ENTRIES PROVIDED
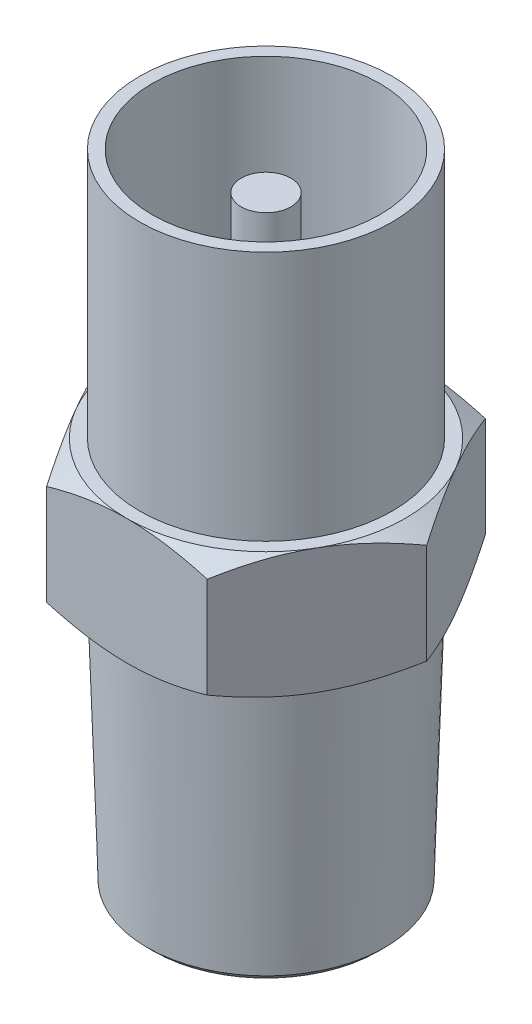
ISO-10303-21;
HEADER;
FILE_DESCRIPTION(('STEP AP214'),'2;1');
FILE_NAME('part.step','',(''),(''),'','','');
FILE_SCHEMA(('AUTOMOTIVE_DESIGN { 1 0 10303 214 1 1 1 1 }'));
ENDSEC;
DATA;
#1=APPLICATION_CONTEXT('core data for automotive mechanical design processes');
#2=APPLICATION_PROTOCOL_DEFINITION('international standard','automotive_design',2000,#1);
#3=PRODUCT_CONTEXT('',#1,'mechanical');
#4=PRODUCT('Part','Part','',(#3));
#5=PRODUCT_RELATED_PRODUCT_CATEGORY('part','',(#4));
#6=PRODUCT_DEFINITION_FORMATION('','',#4);
#7=PRODUCT_DEFINITION_CONTEXT('part definition',#1,'design');
#8=PRODUCT_DEFINITION('design','',#6,#7);
#9=PRODUCT_DEFINITION_SHAPE('','',#8);
#10=(LENGTH_UNIT() NAMED_UNIT(*) SI_UNIT(.MILLI.,.METRE.));
#11=(NAMED_UNIT(*) PLANE_ANGLE_UNIT() SI_UNIT($,.RADIAN.));
#12=(NAMED_UNIT(*) SI_UNIT($,.STERADIAN.) SOLID_ANGLE_UNIT());
#13=UNCERTAINTY_MEASURE_WITH_UNIT(LENGTH_MEASURE(1.E-05),#10,'distance_accuracy_value','');
#14=(GEOMETRIC_REPRESENTATION_CONTEXT(3) GLOBAL_UNCERTAINTY_ASSIGNED_CONTEXT((#13)) GLOBAL_UNIT_ASSIGNED_CONTEXT((#10,
#11,#12)) REPRESENTATION_CONTEXT('',''));
#15=CARTESIAN_POINT('',(0.,0.,0.));
#16=DIRECTION('',(0.,0.,1.));
#17=DIRECTION('',(1.,0.,0.));
#18=AXIS2_PLACEMENT_3D('',#15,#16,#17);
#19=CARTESIAN_POINT('',(0.,2.,0.));
#20=DIRECTION('',(0.,-1.,0.));
#21=DIRECTION('',(0.,0.,-1.));
#22=AXIS2_PLACEMENT_3D('',#19,#20,#21);
#23=CYLINDRICAL_SURFACE('',#22,0.9925);
#24=CARTESIAN_POINT('',(0.,2.,0.));
#25=DIRECTION('',(0.,1.,0.));
#26=DIRECTION('',(0.,0.,1.));
#27=AXIS2_PLACEMENT_3D('',#24,#25,#26);
#28=CIRCLE('',#27,0.9925);
#29=CARTESIAN_POINT('',(0.,2.,0.992499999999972));
#30=VERTEX_POINT('',#29);
#31=EDGE_CURVE('E11',#30,#30,#28,.T.);
#32=ORIENTED_EDGE('',*,*,#31,.F.);
#33=EDGE_LOOP('',(#32));
#34=FACE_BOUND('',#33,.T.);
#35=CARTESIAN_POINT('',(0.,-16.,0.));
#36=DIRECTION('',(0.,1.,0.));
#37=DIRECTION('',(0.,0.,1.));
#38=AXIS2_PLACEMENT_3D('',#35,#36,#37);
#39=CIRCLE('',#38,0.9925);
#40=CARTESIAN_POINT('',(0.,-16.,0.992499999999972));
#41=VERTEX_POINT('',#40);
#42=EDGE_CURVE('E43',#41,#41,#39,.T.);
#43=ORIENTED_EDGE('',*,*,#42,.T.);
#44=EDGE_LOOP('',(#43));
#45=FACE_BOUND('',#44,.T.);
#46=ADVANCED_FACE('F37',(#34,#45),#23,.T.);
#47=CARTESIAN_POINT('',(0.,2.,0.));
#48=DIRECTION('',(0.,1.,0.));
#49=DIRECTION('',(0.,0.,1.));
#50=AXIS2_PLACEMENT_3D('',#47,#48,#49);
#51=PLANE('',#50);
#52=ORIENTED_EDGE('',*,*,#31,.T.);
#53=EDGE_LOOP('',(#52));
#54=FACE_BOUND('',#53,.T.);
#55=ADVANCED_FACE('F52',(#54),#51,.T.);
#56=CARTESIAN_POINT('',(0.,-16.,0.));
#57=DIRECTION('',(0.,1.,0.));
#58=DIRECTION('',(0.,0.,1.));
#59=AXIS2_PLACEMENT_3D('',#56,#57,#58);
#60=PLANE('',#59);
#61=ORIENTED_EDGE('',*,*,#42,.F.);
#62=EDGE_LOOP('',(#61));
#63=FACE_BOUND('',#62,.T.);
#64=ADVANCED_FACE('F50',(#63),#60,.F.);
#65=CLOSED_SHELL('',(#46,#55,#64));
#66=MANIFOLD_SOLID_BREP('B2',#65);
#67=CARTESIAN_POINT('',(6.41436149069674,-6.50000000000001,0.));
#68=DIRECTION('',(0.,-1.,0.));
#69=DIRECTION('',(0.,0.,-1.));
#70=AXIS2_PLACEMENT_3D('',#67,#68,#69);
#71=PLANE('',#70);
#72=CARTESIAN_POINT('',(0.,-6.50000000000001,0.));
#73=DIRECTION('',(0.,-1.,0.));
#74=DIRECTION('',(0.,0.,-1.));
#75=AXIS2_PLACEMENT_3D('',#72,#73,#74);
#76=CIRCLE('',#75,5.555);
#77=CARTESIAN_POINT('',(4.81077111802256,-6.50000000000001,-2.77750000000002));
#78=VERTEX_POINT('',#77);
#79=CARTESIAN_POINT('',(0.,-6.50000000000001,-5.55500000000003));
#80=VERTEX_POINT('',#79);
#81=EDGE_CURVE('E401',#78,#80,#76,.F.);
#82=ORIENTED_EDGE('',*,*,#81,.T.);
#83=CARTESIAN_POINT('',(-4.81077111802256,-6.50000000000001,-2.77750000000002));
#84=VERTEX_POINT('',#83);
#85=EDGE_CURVE('E398',#80,#84,#76,.F.);
#86=ORIENTED_EDGE('',*,*,#85,.T.);
#87=CARTESIAN_POINT('',(-4.81077111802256,-6.50000000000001,2.77749999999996));
#88=VERTEX_POINT('',#87);
#89=EDGE_CURVE('E400',#84,#88,#76,.F.);
#90=ORIENTED_EDGE('',*,*,#89,.T.);
#91=CARTESIAN_POINT('',(0.,-6.50000000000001,5.55499999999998));
#92=VERTEX_POINT('',#91);
#93=EDGE_CURVE('E405',#88,#92,#76,.F.);
#94=ORIENTED_EDGE('',*,*,#93,.T.);
#95=CARTESIAN_POINT('',(0.,-6.50000000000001,0.));
#96=DIRECTION('',(0.,1.,0.));
#97=DIRECTION('',(0.,0.,1.));
#98=AXIS2_PLACEMENT_3D('',#95,#96,#97);
#99=CIRCLE('',#98,5.555);
#100=CARTESIAN_POINT('',(4.81077111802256,-6.50000000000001,2.77749999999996));
#101=VERTEX_POINT('',#100);
#102=EDGE_CURVE('E434',#92,#101,#99,.T.);
#103=ORIENTED_EDGE('',*,*,#102,.T.);
#104=EDGE_CURVE('E407',#101,#78,#76,.F.);
#105=ORIENTED_EDGE('',*,*,#104,.T.);
#106=EDGE_LOOP('',(#82,#86,#90,#94,#103,#105));
#107=FACE_BOUND('',#106,.T.);
#108=CARTESIAN_POINT('',(0.,-6.50000000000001,0.));
#109=DIRECTION('',(0.,-1.,0.));
#110=DIRECTION('',(0.,0.,-1.));
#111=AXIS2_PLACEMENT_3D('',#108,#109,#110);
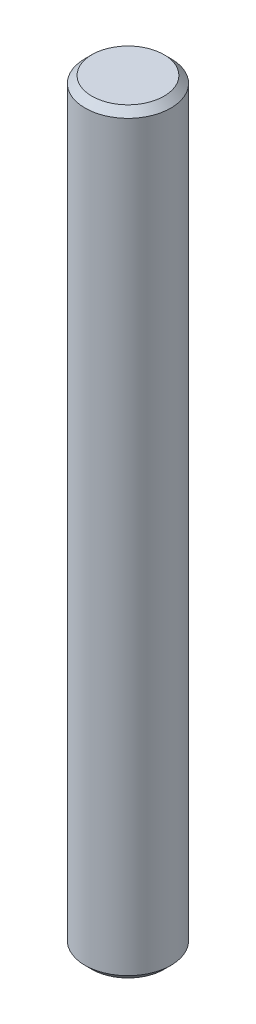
from build123d import *

# Parameters (mm, degrees)
SKETCH1_R      = 1.5875
EXTRUDE1_DEPTH = 13.9954
CHAMFER1_SIZE  = 0.254


with BuildPart() as part:
    # Sketch1 → Extrude1 (new, symmetric)
    with BuildSketch(Plane(origin=(0, 0, 0), x_dir=(1, 0, 0), z_dir=(0, 1, 0))):
        with Locations(Location((0, 0, 0), (0, 0, 270))):
            Circle(SKETCH1_R)
    extrude(amount=EXTRUDE1_DEPTH, both=True)

    # Chamfer1
    chamfer1_edges = [part.edges().sort_by_distance(p)[0] for p in [
        (0, -13.9954, -1.5875),
        (0, 13.9954, -1.5875),
    ]]
    chamfer(chamfer1_edges, length=CHAMFER1_SIZE)


solid = part.part

TASK ITEM
From the records above, repeat exactly the lines from the one with "#78=VERTEX_POINT('',#77);" through the one with "#92=VERTEX_POINT('',#91);", both included.

ANSWER AREA
#78=VERTEX_POINT('',#77);
#79=CARTESIAN_POINT('',(0.,-6.50000000000001,-5.55500000000003));
#80=VERTEX_POINT('',#79);
#81=EDGE_CURVE('E401',#78,#80,#76,.F.);
#82=ORIENTED_EDGE('',*,*,#81,.T.);
#83=CARTESIAN_POINT('',(-4.81077111802256,-6.50000000000001,-2.77750000000002));
#84=VERTEX_POINT('',#83);
#85=EDGE_CURVE('E398',#80,#84,#76,.F.);
#86=ORIENTED_EDGE('',*,*,#85,.T.);
#87=CARTESIAN_POINT('',(-4.81077111802256,-6.50000000000001,2.77749999999996));
#88=VERTEX_POINT('',#87);
#89=EDGE_CURVE('E400',#84,#88,#76,.F.);
#90=ORIENTED_EDGE('',*,*,#89,.T.);
#91=CARTESIAN_POINT('',(0.,-6.50000000000001,5.55499999999998));
#92=VERTEX_POINT('',#91);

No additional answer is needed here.